▶ [Task goal]
What lines of the data below hold "along"? Show them.

▶ [Recorded data]
++++++++++

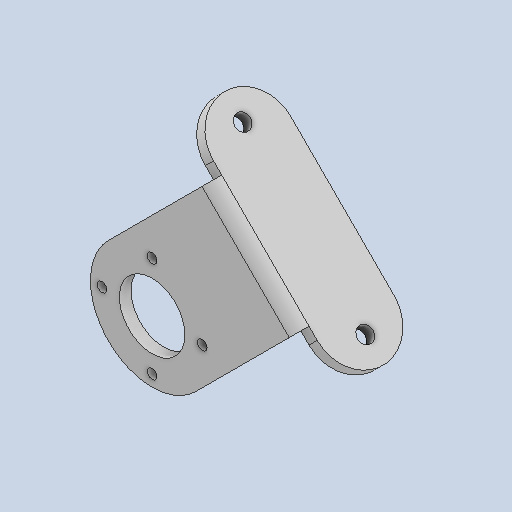
# Autodesk Inventor part: Uchwyt_silnika_1
Saved by Autodesk Inventor 2022.3 (Build 263350000, 350)
## iProperties
Created: 2023-01-03
Part Number: Uchwyt_silnika_1
Material: Generic
Document SubType Name: Sheet Metal
Designer: komputer
Density: 1 g/cm^3
Appearance: Default
Sheet Metal Rule: Default_mm
Author: komputer
Autodesk Inventor part; units mm, degrees
ref_plane "YZ Plane" through (0, 0, 0) normal (1, 0, 0) x (0, 1, 0)
ref_plane "XZ Plane" through (0, 0, 0) normal (0, 1, 0) x (-1, 0, 0)
ref_plane "XY Plane" through (0, 0, 0) normal (0, 0, 1) x (1, 0, 0)
sketch "Sketch1" plane through (0, 0, 0) normal (0, 0, 1) x (1, 0, 0)
  circle A0 centre (0, 0) radius 16 projected
  circle A1 centre (-13, 0) radius 1.25 projected
  circle A2 centre (0, -13) radius 1.25 projected
  circle A3 centre (13, 0) radius 1.25 projected
  circle A4 centre (0, 13) radius 1.25 projected
  circle A5 centre (0, 0) radius 8.5 projected
  line L0 (-13, 0) -> (0, -13)
  line L1 (0, -13) -> (13, 0)
  line L2 (13, 0) -> (0, 13)
  line L3 (0, 13) -> (-13, 0)
  circle A6 centre (0, 0) radius 16
  line L4 (-11.3137, 11.3137) -> (3.9161, 26.5436)
  line L5 (11.3137, -11.3137) -> (26.5436, 3.9161)
  line L6 (11.3137, 11.3137) -> (-3.2223, 25.8497)
  line L7 (-3.2223, 25.8497) -> (25.9716, -3.3441)
  line L8 (0, 22.6274) -> (10.6066, 33.234)
  line L9 (22.6274, 0) -> (33.234, 10.6066)
  line L10 (33.234, 10.6066) -> (10.6066, 33.234)
  point P0 (0, 0)
  dimension "d0" = 15
  dimension "d1" = 15
  constraints: 22 end point, 7 point on line, 6 tangent, 3 parallel, 3 perpendicular, 3 point on circle, 1 centre point, 1 coincident, 1 concentric
  measures "d0" distance of L8.start L8.end
  measures "d1" distance of L9.start L9.end
extrude "Extrusion1" add sketch "Sketch1" along normal blind 3 contours A0 | A0 L7 L5 | A0 L4 L6 | L6 L4 L8 L10 L9 L5 L7 | A1 L3 A4 L2 A3 L1 A2 L0
sketch "Sketch2" plane through (0, 0, 3) normal (0, 0, 1) x (1, 0, 0)
  line L0 (10.6066, 33.234) -> (-11.3137, 11.3137) projected
  arc A0 (-11.3137, 11.3137) -> (11.3137, -11.3137) centre (0, 0) ccw projected
  line L1 (11.3137, -11.3137) -> (33.234, 10.6066) projected
  line L2 (33.234, 10.6066) -> (10.6066, 33.234) projected
  circle A1 centre (13, 0) radius 1.25 projected
  circle A2 centre (0, -13) radius 1.25 projected
  circle A3 centre (-13, 0) radius 1.25 projected
  circle A4 centre (0, 0) radius 8.5 projected
  circle A5 centre (0, 13) radius 1.25 projected
  circle A6 centre (-13, 0) radius 1.25 projected
  circle A7 centre (0, 13) radius 1.25 projected
  line L3 (-13, 0) -> (0, 13)
  circle A8 centre (0, -13) radius 1.25 projected
  circle A9 centre (13, 0) radius 1.25 projected
  line L4 (0, -13) -> (13, 0)
  circle A10 centre (0, 0) radius 8.5 projected
  line L5 (0, 0) -> (28.2843, 28.2843)
  line L6 (-13, 0) -> (0, -13)
  line L7 (33.234, 10.6066) -> (10.6066, 33.234) projected
  line L8 (10.6066, 33.234) -> (35.7367, 58.3641)
  line L9 (33.234, 10.6066) -> (59.3246, 36.6972)
  line L10 (11.3137, -11.3137) -> (33.234, 10.6066) projected
  line L11 (10.6066, 33.234) -> (-11.3137, 11.3137) projected
  line L12 (28.2843, 28.2843) -> (39.598, 16.9706)
  line L13 (28.2843, 28.2843) -> (16.9706, 39.598)
  point P0 (0, 0)
  dimension "d4" = 40
  constraints: 16 end point, 4 parallel, 3 perpendicular, 3 point on line, 2 collinear
  measures "d4" distance of L5.start L5.end
extrude "Extrusion2" add sketch "Sketch2" against normal up to surface (3 mm away) contours L8 L13 L5 L2 | L5 L12 L9 L2
sketch "Sketch3" plane through (0, 0, 0) normal (0, 0, -1) x (-1, 0, 0)
  line L0 (-16.9706, 39.598) -> (11.3137, 11.3137) projected
  line L1 (-16.9706, 39.598) -> (-39.598, 16.9706) projected
  line L2 (-11.3137, -11.3137) -> (-39.598, 16.9706) projected
  arc A0 (-11.3137, -11.3137) -> (11.3137, 11.3137) centre (0, 0) ccw projected
  circle A1 centre (-13, 0) radius 1.25 projected
  circle A2 centre (0, -13) radius 1.25 projected
  circle A3 centre (13, 0) radius 1.25 projected
  circle A4 centre (0, 0) radius 8.5 projected
  circle A5 centre (0, 13) radius 1.25 projected
  line L3 (-11.3137, -11.3137) -> (-39.598, 16.9706) projected
  line L4 (-39.598, 16.9706) -> (-37.4767, 14.8492)
  line L5 (-37.4767, 14.8492) -> (-14.8492, 37.4767)
  line L6 (-16.9706, 39.598) -> (11.3137, 11.3137) projected
  point P0 (0, 0)
  dimension "d7" = 3
  constraints: 4 end point, 2 point on line, 1 perpendicular
  measures "d7" distance of L1.end L4.end
extrude "Extrusion3" add sketch "Sketch3" along normal blind 20 contours L0 L5 L2 L1
sketch "Sketch4" plane through (39.598, 16.9706, -20) normal (0.7071068, 0.7071068, 0) x (-0.7071068, 0.7071068, 0)
  line L0 (0, 23) -> (0, 0) projected
  line L1 (32, 0) -> (0, 0) projected
  line L2 (32, 23) -> (32, 0) projected
  line L3 (32, 20) -> (32, 0) projected
  line L4 (32, 0) -> (35, 0)
  line L5 (35, 0) -> (35, 20)
  line L6 (35, 20) -> (32, 20)
  line L7 (32, 20) -> (32, 0)
  line L8 (0, 20) -> (0, 0) projected
  line L9 (0, 0) -> (-3, 0)
  line L10 (-3, 0) -> (-3, 20)
  line L11 (-3, 20) -> (0, 20)
  line L12 (0, 20) -> (0, 0)
  circle A0 centre (35, 10) radius 10
  circle A1 centre (-3, 10) radius 10
  line L13 (35, 10) -> (45, 10)
  circle A2 centre (40, 10) radius 2
  line L14 (16, 20) -> (16, 0)
  line L15 (0, 0) -> (32, 0) projected
  circle A3 centre (16, 10) radius 2
  circle A4 centre (-8, 10) radius 2
  line L16 (0, 23) -> (32, 23) projected
  point P0 (32, 19)
  point P1 (-3, 0)
  point P2 (35, 0)
  dimension "d12" = 3
  dimension "d13" = 3
  dimension "d14" = 4
  dimension "d15" = 4
  constraints: 20 end point, 5 midpoint, 4 centre point, 4 parallel, 3 horizontal, 2 perpendicular, 2 point on circle, 1 point on line, 1 symmetric about line, 4 other
  measures "d12" distance of L3.start L5.end
  measures "d13" distance of L10.end L11.end
  measures "d14" diameter of A2
  measures "d15" diameter of A3
extrude "Extrusion4" add sketch "Sketch4" against normal blind 3 contours L0 A1 L11 | L0 A1 L10 | L10 A1 | L6 A0 L2 | L0 L9 A1 | A0 L5 L2 | A0 L13 A2 L5 | A0 L4 L2 | L13 A2 A0 L5
sketch "Sketch5" plane through (12.7279, 39.598, -10) normal (-0.7071068, -0.7071068, 0) x (-0.7071068, 0.7071068, 0)
  circle A0 centre (-43, 0) radius 2 projected
  circle A1 centre (5, 0) radius 2 projected
  line L0 (-3, -10) -> (0, -10) projected
  arc A2 (0, -10) -> (0, 10) centre (0, 0) ccw projected
  line L1 (0, 10) -> (-38, 10) projected
  arc A3 (-38, 10) -> (-38, -10) centre (-38, 0) ccw projected
  line L2 (-38, -10) -> (-35, -10) projected
  circle A4 centre (-41.5, 29.4965) radius 2.25 projected
  circle A5 centre (3.5, 29.4965) radius 2.25 projected
  line L3 (-41.5, 29.4965) -> (-41.5, -27.5248)
  line L4 (3.5, 29.4965) -> (3.5, -58.5312)
  circle A6 centre (-41.5, 0) radius 2
  circle A7 centre (3.5, 0) radius 2
  line L5 (-3, -10) -> (-35, -10) projected
  point P0 (-19, -10)
  point P1 (4.25, 1.854)
  point P2 (4.25, -1.854)
  point P3 (-42.25, -1.854)
  point P4 (-42.25, 1.854)
  constraints: 4 end point, 2 centre point, 2 point on line, 2 vertical
extrude "Extrusion5" add sketch "Sketch5" against normal blind 3 contours A6 A0 | A1 A7
sketch "Sketch6" plane through (12.7279, 39.598, -10) normal (-0.7071068, -0.7071068, 0) x (-0.7071068, 0.7071068, 0)
  arc A0 (-42.25, -1.854) -> (-42.25, 1.854) centre (-43, 0) ccw projected
  arc A1 (-42.25, 1.854) -> (-42.25, -1.854) centre (-41.5, 0) ccw projected
  arc A2 (4.25, 1.854) -> (4.25, -1.854) centre (5, 0) ccw projected
  arc A3 (4.25, -1.854) -> (4.25, 1.854) centre (3.5, 0) ccw projected
  line L0 (-3, -10) -> (0, -10) projected
  arc A4 (0, -10) -> (0, 10) centre (0, 0) ccw projected
  line L1 (0, 10) -> (-38, 10) projected
  arc A5 (-38, 10) -> (-38, -10) centre (-38, 0) ccw projected
  line L2 (-38, -10) -> (-35, -10) projected
  circle A6 centre (-41.5, 0) radius 2
  circle A7 centre (3.5, 0) radius 2
  line L3 (-3, -10) -> (-35, -10) projected
  point P0 (-19, -10)
  point P1 (-42.25, -1.854)
  point P2 (-42.25, 1.854)
  point P3 (4.25, 1.854)
  constraints: 2 centre point, 2 coincident
extrude "Extrusion6" cut sketch "Sketch6" against normal blind 3 contours A0 A6 | A2 A7
sketch "Sketch8" plane through (0, 0, 3) normal (0, 0, 1) x (1, 0, 0)
  line L0 (16.9706, 39.598) -> (-11.3137, 11.3137) projected
  arc A0 (-11.3137, 11.3137) -> (11.3137, -11.3137) centre (0, 0) ccw projected
  line L1 (11.3137, -11.3137) -> (39.598, 16.9706) projected
  line L2 (39.598, 16.9706) -> (16.9706, 39.598) projected
  circle A1 centre (13, 0) radius 1.25 projected
  circle A2 centre (0, -13) radius 1.25 projected
  circle A3 centre (-13, 0) radius 1.25 projected
  circle A4 centre (0, 0) radius 8.5 projected
  circle A5 centre (0, 13) radius 1.25 projected
  circle A6 centre (-13, 0) radius 1.25 projected
  circle A7 centre (0, 13) radius 1.25 projected
  line L3 (-13, 0) -> (0, 13)
  circle A8 centre (13, 0) radius 1.25 projected
  line L4 (0, 13) -> (13, 0)
  line L5 (13, 0) -> (-0.0002, -13.0002)
  line L6 (0, 0) -> (26.3553, 26.3553)
  line L7 (26.3553, 26.3553) -> (50.7309, 1.9797)
  line L8 (14.8492, 37.4767) -> (37.4767, 14.8492) projected
  line L9 (26.3553, 26.3553) -> (4.9031, 47.8075)
  line L10 (5.6569, 46.669) -> (12.7279, 39.598) projected
  line L11 (14.8492, 37.4767) -> (20.1327, 42.7601)
  line L12 (20.1327, 42.7601) -> (7.1248, 51.3664)
  line L13 (7.1248, 51.3664) -> (0, 48.1905)
  line L14 (0, 48.1905) -> (14.8492, 37.4767)
  line L15 (11.3137, -11.3137) -> (37.4767, 14.8492) projected
  line L16 (37.4767, 14.8492) -> (41.6279, 19.0005)
  line L17 (41.6279, 19.0005) -> (52.2205, 8.9599)
  line L18 (52.2205, 8.9599) -> (46.7077, 4.5581)
  line L19 (46.7077, 4.5581) -> (37.4767, 13.3081)
  line L20 (37.4767, 13.3081) -> (37.4767, 14.8492)
  line L21 (11.3137, -11.3137) -> (39.598, 16.9706) projected
  point P0 (0, 0)
  point P1 (15.0416, 37.669)
  point P2 (37.669, 15.0416)
  dimension "d24" = 37.272
  constraints: 30 end point, 3 parallel, 3 perpendicular, 1 collinear, 1 point on line, 1 vertical
  measures "d24" distance of L6.start L6.end
extrude "Extrusion7" cut sketch "Sketch8" against normal through all contours L14 L13 L12 L11 L0 | L0 L2 L1 L7 L9 | L1 L7 L18 L19 L20 | L16 L17 L18 L7 L1
sketch "Sketch9" plane through (0, 0, 3) normal (0, 0, 1) x (1, 0, 0)
  circle A0 centre (0, 13) radius 1.25 projected
  circle A1 centre (0, 0) radius 8.5 projected
  circle A2 centre (-13, 0) radius 1.25 projected
  circle A3 centre (0, -13) radius 1.25 projected
  circle A4 centre (13, 0) radius 1.25 projected
  line L0 (37.669, 15.0416) -> (15.0416, 37.669) projected
  line L1 (15.0416, 37.669) -> (-11.3137, 11.3137) projected
  arc A5 (-11.3137, 11.3137) -> (11.3137, -11.3137) centre (0, 0) ccw projected
  line L2 (11.3137, -11.3137) -> (37.669, 15.0416) projected
  line L3 (37.669, 15.0416) -> (15.0416, 37.669) projected
  line L4 (15.0416, 37.669) -> (12.9203, 35.5477)
  line L5 (15.0416, 37.669) -> (-11.3137, 11.3137) projected
  line L6 (12.9203, 35.5477) -> (38.0462, 10.4217)
  point P0 (0, 0)
  point P1 (35.5477, 12.9203)
  dimension "d27" = 3
  constraints: 4 end point, 1 perpendicular, 1 point on line
  measures "d27" distance of L0.end L4.end
extrude "Extrusion8" add sketch "Sketch9" against normal up to surface (23 mm away) contours L2 L6 L1 L0
sketch "Sketch10" plane through (12.9203, 35.5477, 0) normal (-0.7071068, -0.7071068, 0) x (-0.7071068, 0.7071068, 0)
  circle A0 centre (6.5, 39.4965) radius 2 projected
  circle A1 centre (6.5, 10) radius 2 projected
  circle A2 centre (-38.5, 10) radius 2 projected
  line L0 (0, 0) -> (-32, 0) projected
  line L1 (0, 0) -> (0, 20) projected
  line L2 (0, 20) -> (-32, 20) projected
  line L3 (-32, 0) -> (-32, 20) projected
  line L4 (-32, 49.4965) -> (-35, 49.4965) projected
  line L5 (-32, 29.4965) -> (-32, 49.4965) projected
  line L6 (-35, 29.4965) -> (-32, 29.4965) projected
  arc A3 (-35, 49.4965) -> (-35, 29.4965) centre (-35, 39.4965) ccw projected
  circle A4 centre (-38.5, 39.4965) radius 2.25 projected
  line L7 (0, 29.4965) -> (3, 29.4965) projected
  line L8 (0, 49.4965) -> (0, 29.4965) projected
  line L9 (3, 49.4965) -> (0, 49.4965) projected
  arc A5 (3, 29.4965) -> (3, 49.4965) centre (3, 39.4965) ccw projected
  circle A6 centre (6.5, 39.4965) radius 2.25 projected
  circle A7 centre (3, 10) radius 10
  line L10 (0, 20) -> (-32, 20) projected
  line L11 (0, 20) -> (3, 20)
  line L12 (0, 0) -> (-32, 0) projected
  line L13 (0, 0) -> (3, 0)
  line L14 (-16, 20) -> (-16, 12.7343)
  circle A8 centre (-38.5, 10) radius 2
  circle A9 centre (-35, 10) radius 10
  line L15 (-32, 20) -> (-35, 20)
  line L16 (-32, 0) -> (-35, 0)
  point P0 (-16, 0)
  constraints: 10 end point, 4 point on circle, 4 symmetric about line, 3 centre point, 2 collinear, 1 midpoint, 1 vertical, 2 other
extrude "Extrusion9" add sketch "Sketch10" against normal blind 3 contours L1 A7 L13 | L16 A9 L3 | L1 A7 | A9 L3 | L1 L11 A7 | A9 L15 L3 picked at (1.5, 10) picked at (-33.5, 10)
fillet "Fillet4" radius 3 1 edges at (26.3553, 26.3553, 3)
fillet "Fillet5" radius 1 1 edges at (24.234, 24.234, 0)
equation "\"BendRadius\" = Thickness"
equation "\"BendReliefWidth\" = Thickness"
equation "\"BendReliefDepth\" = 0.5 * Thickness"
equation "\"CornerReliefSize\" = 4 * Thickness"
equation "\"MinimumRemnant\" = 2 * Thickness"
equation "\"TransitionRadius\" = BendRadius"
equation "\"JacobiRadiusSize\" = BendRadius"
equation "\"GapSize\" = Thickness"
equation "\"Thickness\" = 3.414214"
body "Solid1"

++++++++++

▶ [Solution to this problem]
extrude "Extrusion1" add sketch "Sketch1" along normal blind 3 contours A0 | A0 L7 L5 | A0 L4 L6 | L6 L4 L8 L10 L9 L5 L7 | A1 L3 A4 L2 A3 L1 A2 L0
extrude "Extrusion3" add sketch "Sketch3" along normal blind 20 contours L0 L5 L2 L1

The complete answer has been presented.